• DESCRIPTION OF THE TASK
Under this line are the records; write out word for word the part that begins at the line containing "import ezdxf" and ends at the line containing "doc.linetypes.add('DOTE', pattern=[2.42, 2, -0.2, 0.02, -0.2])", and no more.

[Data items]
• • •
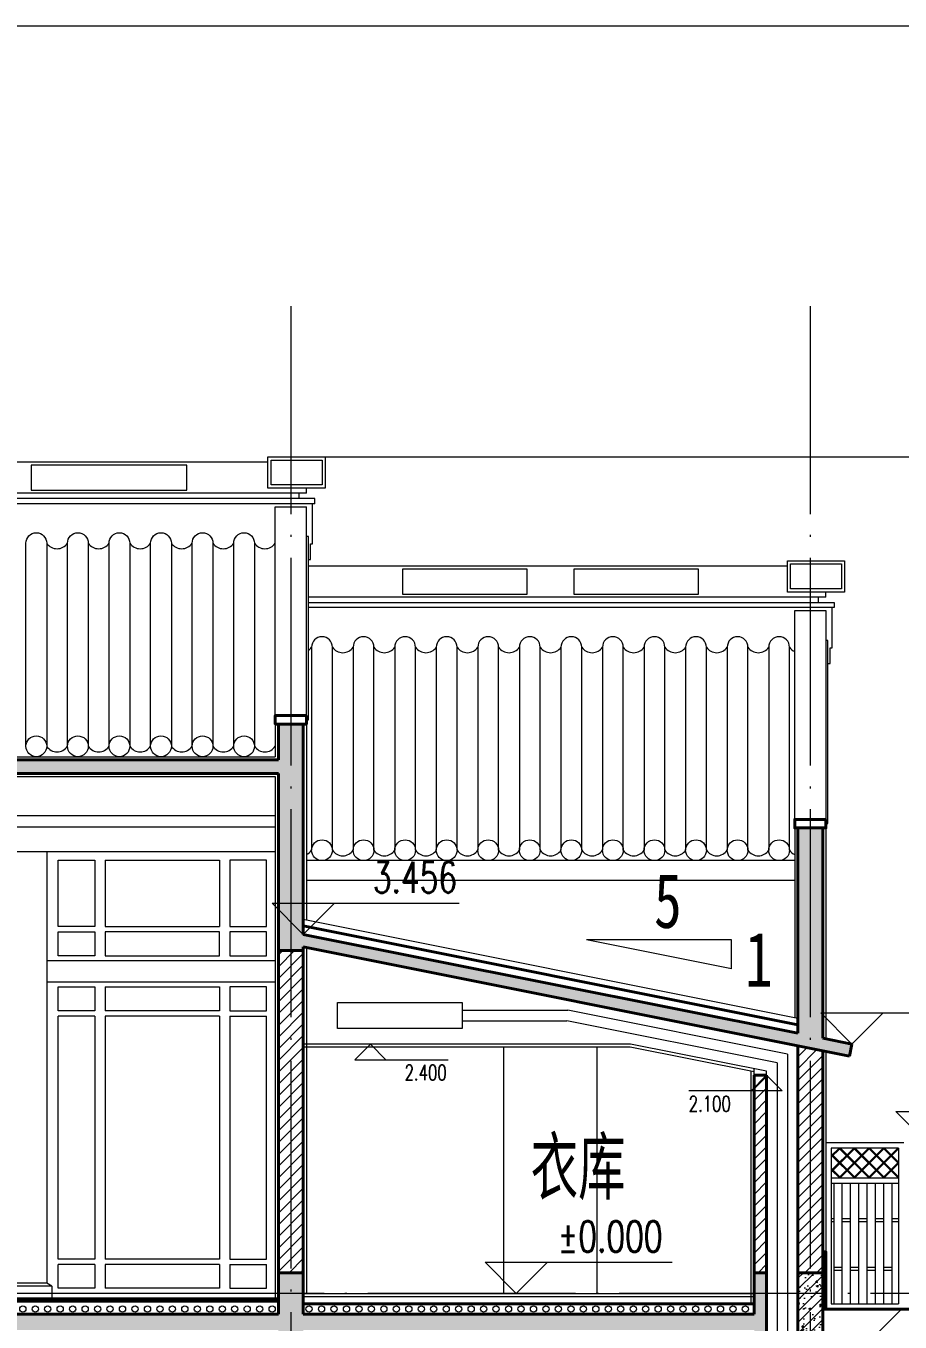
# Model space of a CAD drawing. Extents: x 577108 to 1042908, y 41950 to 81950.
# Drawn here: x 885691 to 894105, y 69478 to 81950 of the extents above; entities that cross this region are included whole.
import ezdxf

# ---------------------------------------------------------------- set-up
doc = ezdxf.new("R2010")
doc.units = 0
doc.header["$LTSCALE"] = 1000
doc.header["$MEASUREMENT"] = 0
doc.linetypes.add('DOTE', pattern=[2.42, 2, -0.2, 0.02, -0.2])
doc.layers.get('0').update_dxf_attribs({"linetype": 'CONTINUOUS', "lineweight": 13})
for name, color, linetype, lineweight in [('DIM_ELEV', 3, 'CONTINUOUS', 15), ('DOTE', 1, 'DOTE', 0), ('hatch', 8, 'CONTINUOUS', 5), ('LM-1', 7, 'CONTINUOUS', 18), ('LM-2', 8, 'CONTINUOUS', 18), ('LM-L', 7, 'CONTINUOUS', 15), ('LM-S', 8, 'CONTINUOUS', 5), ('PUB_TEXT', 7, 'CONTINUOUS', 20), ('REVISION', 1, 'CONTINUOUS', 5), ('wall', 2, 'CONTINUOUS', 40), ('姓名', 7, 'CONTINUOUS', 15), ('瓦1', 8, 'CONTINUOUS', 15), ('粉刷线', 251, 'CONTINUOUS', 0)]:
    doc.layers.add(name, color=color, linetype=linetype, lineweight=lineweight)
doc.styles.add('_TCH_DIM', font='SIMPLEX', dxfattribs={"bigfont": 'GBCBIG'})
doc.styles.add('HZ', font='romanc.shx', dxfattribs={"width": 0.7, "bigfont": 'hzdx.shx'})
doc.styles.add('SIMHEI', font='simhei.ttf', dxfattribs={"width": 0.75, "height": 10})
pattern_1 = [(45, (-441987.82, -391167.93), (-56.427121, 56.427121), [])]
pattern_2 = [(45, (-441987.82, -391225.23), (-53.0330086, 53.0330086), []), (50, (-441987.82, -391225.23), (215.178055, -18.82564), [22.5, -247.5]), (355, (-441987.82, -391225.23), (-41.6254, 225.65764), [18, -198]), (100.4514, (-441969.89, -391226.8), (173.552815, 206.831863), [19.122057, -210.342634]), (46.1842, (-441987.82, -391165.23), (320.172315, -49.655704), [33.75, -371.25]), (96.6356, (-441961.14, -391169.37), (280.39881, 292.23536), [28.68309, -315.5139]), (351.1842, (-441987.82, -391165.23), (280.39858, 292.23558), [27, -297]), (21, (-441957.82, -391180.23), (179.072116, -120.785667), [22.5, -247.5]), (326, (-441957.82, -391180.23), (72.9946, 217.545014), [18, -198]), (71.4514, (-441942.9, -391190.3), (252.06679, 96.75915), [19.122057, -210.342634]), (37.5, (-441987.82, -391225.23), (3.6479566, 99.868156), [0, -195.6, 0, -201, 0, -198.75]), (7.5, (-441987.82, -391225.23), (78.920861, 118.3235136), [0, -114.6, 0, -191.1, 0, -75.75]), (327.5, (-442054.72, -391225.23), (160.146731, -6.7664615), [0, -75, 0, -234, 0, -310.5]), (317.5, (-442084.72, -391225.23), (174.955851, 30.031495), [0, -97.5, 0, -155.4, 0, -220.5])]

msp = doc.modelspace()

# ---------------------------------------------------------------- hatches: boundary and pattern name
at = {"layer": 'hatch'}
h = msp.add_hatch(dxfattribs=at)
h.set_pattern_fill('钢筋混凝土', color=256, scale=35, style=0)
h.set_pattern_definition([(45, (-441987.82, -391225.23), (-61.8718434, 61.8718434), []), (50, (-441987.82, -391225.23), (251.041064, -21.963247), [26.25, -288.75]), (355, (-441987.82, -391225.23), (-48.562967, 263.267247), [21, -231]), (100.4514, (-441966.9, -391227.06), (202.478284, 241.30384), [22.309067, -245.39974]), (46.1842, (-441987.82, -391155.23), (373.53437, -57.931655), [39.375, -433.125]), (96.6356, (-441956.7, -391160.06), (327.13195, 340.941255), [33.4636, -368.09955]), (351.1842, (-441987.8, -391155.23), (327.13168, 340.94151), [31.5, -346.5]), (21, (-441952.82, -391172.73), (208.917468, -140.916612), [26.25, -288.75]), (326, (-441952.82, -391172.73), (85.160366, 253.802516), [21, -231]), (71.4514, (-441935.4, -391184.47), (294.07792, 112.885674), [22.309067, -245.39974]), (37.5, (-441987.82, -391225.23), (4.2559494, 116.512849), [0, -228.2, 0, -234.5, 0, -231.875]), (7.5, (-441987.82, -391225.23), (92.074338, 138.044099), [0, -133.7, 0, -222.95, 0, -88.375]), (327.5, (-442065.87, -391225.23), (186.8378527, -7.894205), [0, -87.5, 0, -273, 0, -362.25]), (317.5, (-442100.87, -391225.23), (204.11516, 35.036744), [0, -113.75, 0, -181.3, 0, -257.25])])
h.paths.add_polyline_path([(875620.8415, 73888.5755), (875620.8415, 73756.6165), (875620.8415, 73132.8769), (880860.8415, 73132.8769), (880860.8415, 73582.8769), (880620.8415, 73582.8769), (880620.8415, 73252.8769), (875860.8415, 73252.8769), (875860.8415, 74756.6165), (888120.8415, 74756.6165), (888120.8415, 73052.8769), (888360.8415, 73052.8769), (888360.8415, 73088.8769), (893617.7646, 72037.4923), (893640.8415, 72152.8769), (893360.8415, 72208.8769), (893360.8415, 74232.4737), (893120.8415, 74232.4737), (893120.8415, 72256.8769), (888360.8415, 73208.8769), (888360.8415, 75232.4737), (888120.8415, 75232.4737), (888120.8415, 74888.5755), (875860.8415, 74888.5755), (875860.8415, 75232.4737), (875620.8415, 75232.4737)])
h = msp.add_hatch(dxfattribs=at)
h.set_pattern_fill('普通砖', color=256, scale=30, style=0)
h.set_pattern_definition(pattern_1)
h.paths.add_polyline_path([(888360.8415, 73052.8769), (888120.8415, 73052.8769), (888120.8415, 69952.8769), (888360.8415, 69952.8769)])
h = msp.add_hatch(dxfattribs=at)
h.set_pattern_fill('普通砖', color=256, scale=30, style=0)
h.set_pattern_definition(pattern_1)
h.paths.add_polyline_path([(893360.8415, 72088.8769), (893120.8415, 72136.8769), (893120.8415, 69952.8769), (893360.8415, 69952.8769), (893360.8415, 70152.8769)])
h = msp.add_hatch(dxfattribs=at)
h.set_pattern_fill('普通砖', color=256, scale=30, style=0)
h.set_pattern_definition(pattern_1)
h.paths.add_polyline_path([(892700.8415, 69952.8769), (892820.8415, 69952.8769), (892820.8415, 71852.8769), (892700.8415, 71852.8769)])
h = msp.add_hatch(dxfattribs=at)
h.set_pattern_fill('天然石材', color=256, scale=5, style=0)
h.set_pattern_definition([(45, (-441987.818, -391215.68), (-18.8090404, 18.8090404), []), (45, (-441978.568, -391225.23), (-18.8090404, 18.8090404), [10.5, -6])])
h.paths.add_polyline_path([(893390.8415, 70152.8769), (893360.8415, 70152.8769), (893360.8415, 69602.8769), (893390.8415, 69602.8769)])
h = msp.add_hatch(dxfattribs=at)
h.set_pattern_fill('钢筋混凝土', color=256, scale=30, style=0)
h.set_pattern_definition(pattern_2)
h.paths.add_polyline_path([(892820.8415, 69952.8769), (892700.8415, 69952.8769), (892700.8415, 69552.8769), (888360.8415, 69552.8769), (888360.8415, 69952.8769), (888120.8415, 69952.8769), (888120.8415, 69552.8769), (880860.8415, 69552.8769), (880860.8415, 69952.8769), (880620.8415, 69952.8769), (880620.8415, 69552.8769), (875860.8415, 69552.8769), (875860.8415, 69402.8769), (880620.8415, 69402.8769), (880620.8415, 69122.8769), (880860.8415, 69122.8769), (880860.8415, 69402.8769), (888120.8415, 69402.8769), (888120.8415, 69122.8769), (888360.8415, 69122.8769), (888360.8415, 69402.8769), (892700.8415, 69402.8769), (892700.8415, 69122.8769), (892820.8415, 69122.8769)])
h = msp.add_hatch(dxfattribs=at)
h.set_pattern_fill('钢筋混凝土', color=256, scale=30, style=0)
h.set_pattern_definition(pattern_2)
h.paths.add_polyline_path([(893360.8415, 69952.8769), (893120.8415, 69952.8769), (893120.8415, 69122.8769), (893360.8415, 69122.8769)])

# ---------------------------------------------------------------- linework, layer by layer
for p, q in [((885890.8415, 74002.8769), (885890.8415, 69852.8769)), ((893120.8415, 72399.6494), (888360.8415, 73351.6494)), ((891511.1356, 72152.8769), (888360.8415, 72152.8769)), ((891508.165, 72122.8769), (888360.8415, 72122.8769)), ((892700.8415, 71884.3416), (891508.165, 72122.8769)), ((892820.8415, 71890.9357), (891511.1356, 72152.8769)), ((892700.8415, 71852.8769), (892700.8415, 71914.9357)), ((892820.8415, 71852.8769), (892820.8415, 71890.9357)), ((885940.8415, 69822.8769), (885890.8415, 69852.8769)), ((888360.8415, 69752.8769), (892700.8415, 69752.8769)), ((888360.8415, 69722.8769), (892700.8415, 69722.8769))]:
    msp.add_line(p, q)
for centre in [(885660.8415, 69602.8769), (885780.8415, 69602.8769), (885900.8415, 69602.8769), (886020.8415, 69602.8769), (886140.8415, 69602.8769), (886260.8415, 69602.8769), (886380.8415, 69602.8769), (886500.8415, 69602.8769), (886620.8415, 69602.8769), (886740.8415, 69602.8769), (886860.8415, 69602.8769), (886980.8415, 69602.8769), (887100.8415, 69602.8769), (887220.8415, 69602.8769), (887340.8415, 69602.8769), (887460.8415, 69602.8769), (887580.8415, 69602.8769), (887700.8415, 69602.8769), (887820.8415, 69602.8769), (887940.8415, 69602.8769), (888060.8415, 69602.8769), (888416.3848, 69602.8769), (888536.3848, 69602.8769), (888656.3848, 69602.8769), (888776.3848, 69602.8769), (888896.3848, 69602.8769), (889016.3848, 69602.8769), (889136.3848, 69602.8769), (889256.3848, 69602.8769), (889376.3848, 69602.8769), (889496.3848, 69602.8769), (889616.3848, 69602.8769), (889736.3848, 69602.8769), (889856.3848, 69602.8769), (889976.3848, 69602.8769), (890096.3848, 69602.8769), (890216.3848, 69602.8769), (890336.3848, 69602.8769), (890456.3848, 69602.8769), (890576.3848, 69602.8769), (890696.3848, 69602.8769), (890816.3848, 69602.8769), (890936.3848, 69602.8769), (891056.3848, 69602.8769), (891176.3848, 69602.8769), (891296.3848, 69602.8769), (891416.3848, 69602.8769), (891536.3848, 69602.8769), (891656.3848, 69602.8769), (891776.3848, 69602.8769), (891896.3848, 69602.8769), (892016.3848, 69602.8769), (892136.3848, 69602.8769), (892256.3848, 69602.8769), (892376.3848, 69602.8769), (892496.3848, 69602.8769), (892616.3848, 69602.8769)]:
    msp.add_circle(centre, 30)
at = {"layer": 'DIM_ELEV'}
for p, q in [((888570.8415, 77802.8769), (898540.8415, 77802.8769)), ((888360.8415, 73208.8769), (888060.8415, 73508.8769)), ((888060.8415, 73508.8769), (889860.8415, 73508.8769)), ((888360.8415, 73208.8769), (888660.8415, 73508.8769)), ((893640.8415, 72152.8769), (893340.8415, 72452.8769)), ((893340.8415, 72452.8769), (895140.8415, 72452.8769)), ((893640.8415, 72152.8769), (893940.8415, 72452.8769)), ((889006.0677, 72152.8769), (888856.0677, 72002.8769)), ((889006.0677, 72152.8769), (889156.0677, 72002.8769)), ((888856.0677, 72002.8769), (889756.0677, 72002.8769)), ((892820.8415, 71852.8769), (892670.8415, 71702.8769)), ((892820.8415, 71852.8769), (892970.8415, 71702.8769)), ((892970.8415, 71702.8769), (892070.8415, 71702.8769)), ((894364.1024, 71202.8769), (894064.1024, 71502.8769)), ((894064.1024, 71502.8769), (895864.1024, 71502.8769)), ((890410.3103, 69752.8769), (890110.3103, 70052.8769)), ((890110.3103, 70052.8769), (891910.3103, 70052.8769)), ((890410.3103, 69752.8769), (890710.3103, 70052.8769)), ((894119.2886, 69602.8769), (893819.2886, 69302.8769))]:
    msp.add_line(p, q, dxfattribs=at)
at = {"layer": 'DOTE'}
for p, q in [((888240.8415, 79252.8769), (888240.8415, 68252.8769)), ((893240.8415, 79252.8769), (893240.8415, 68252.8769)), ((898240.8415, 69752.8769), (860587.5597, 69752.8769))]:
    msp.add_line(p, q, dxfattribs=at)
at = {"layer": 'hatch'}
for p, q in [((886000.8415, 73922.8769), (886353.7998, 73922.8769)), ((886000.8415, 73282.8769), (886000.8415, 73922.8769)), ((886353.7998, 73922.8769), (886353.7998, 73282.8769)), ((886453.2998, 73922.8769), (887553.2998, 73922.8769)), ((886453.2998, 73922.8769), (886453.2998, 73282.8769)), ((887553.2998, 73922.8769), (887553.2998, 73282.8769)), ((887652.7998, 73922.8769), (887652.7998, 73282.8769)), ((888005.7581, 73922.8769), (887652.7998, 73922.8769)), ((888005.7581, 73282.8769), (888005.7581, 73922.8769)), ((886353.7998, 73282.8769), (886000.8415, 73282.8769)), ((886000.8415, 73232.8769), (886353.7998, 73232.8769)), ((886000.8415, 73002.8769), (886000.8415, 73232.8769)), ((886353.7998, 73232.8769), (886353.7998, 73002.8769)), ((886453.2998, 73282.8769), (887553.2998, 73282.8769)), ((886453.2998, 73232.8769), (886453.2998, 73002.8769)), ((887553.2998, 73232.8769), (886453.2998, 73232.8769)), ((887553.2998, 73002.8769), (887553.2998, 73232.8769)), ((887652.7998, 73282.8769), (888005.7581, 73282.8769)), ((887652.7998, 73232.8769), (887652.7998, 73002.8769)), ((888005.7581, 73232.8769), (887652.7998, 73232.8769)), ((888005.7581, 73002.8769), (888005.7581, 73232.8769)), ((886353.7998, 73002.8769), (886000.8415, 73002.8769)), ((886453.2998, 73002.8769), (887553.2998, 73002.8769)), ((887652.7998, 73002.8769), (888005.7581, 73002.8769)), ((888090.8415, 72952.8769), (885890.8415, 72952.8769)), ((885890.8415, 72752.8769), (888090.8415, 72752.8769)), ((886000.8415, 72702.8769), (886353.7998, 72702.8769)), ((886000.8415, 72472.8769), (886000.8415, 72702.8769)), ((886353.7998, 72702.8769), (886353.7998, 72472.8769)), ((886453.2998, 72702.8769), (886453.2998, 72472.8769)), ((886453.2998, 72702.8769), (887553.2998, 72702.8769)), ((887553.2998, 72702.8769), (887553.2998, 72472.8769)), ((887652.7998, 72702.8769), (887652.7998, 72472.8769)), ((888005.7581, 72702.8769), (887652.7998, 72702.8769)), ((888005.7581, 72472.8769), (888005.7581, 72702.8769)), ((886353.7998, 72472.8769), (886000.8415, 72472.8769)), ((887553.2998, 72472.8769), (886453.2998, 72472.8769)), ((887652.7998, 72472.8769), (888005.7581, 72472.8769)), ((886000.8415, 70082.8769), (886000.8415, 72422.8769)), ((886353.7998, 72422.8769), (886000.8415, 72422.8769)), ((886353.7998, 72422.8769), (886353.7998, 70082.8769)), ((886453.2998, 72422.8769), (886453.2998, 70082.8769)), ((887553.2998, 72422.8769), (886453.2998, 72422.8769)), ((887553.2998, 72422.8769), (887553.2998, 70082.8769)), ((887652.7998, 72422.8769), (888005.7581, 72422.8769)), ((887652.7998, 72422.8769), (887652.7998, 70082.8769)), ((888005.7581, 70082.8769), (888005.7581, 72422.8769)), ((894140.8415, 71202.8769), (893392.6431, 71202.8769)), ((893442.6431, 71152.8769), (893442.6431, 69652.8769)), ((894090.8415, 71152.8769), (893442.6431, 71152.8769)), ((893659.5064, 71152.8769), (893442.6431, 70936.0136)), ((893518.085, 71152.8769), (893442.6431, 71077.435)), ((893665.8415, 71145.0699), (893442.6431, 70921.8715)), ((893524.4201, 71145.0699), (893442.6431, 71063.2929)), ((893442.6431, 71099.5677), (893679.3339, 70862.8769)), ((893800.9277, 71152.8769), (893510.9277, 70862.8769)), ((893516.6131, 71152.8769), (893806.6131, 70862.8769)), ((893807.2628, 71145.0699), (893525.0698, 70862.8769)), ((893530.7553, 71152.8769), (893820.7553, 70862.8769)), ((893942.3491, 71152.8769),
• • •
• PROBLEM SOLUTION
import ezdxf

# ---------------------------------------------------------------- set-up
doc = ezdxf.new("R2010")
doc.units = 0
doc.header["$LTSCALE"] = 1000
doc.header["$MEASUREMENT"] = 0
doc.linetypes.add('DOTE', pattern=[2.42, 2, -0.2, 0.02, -0.2])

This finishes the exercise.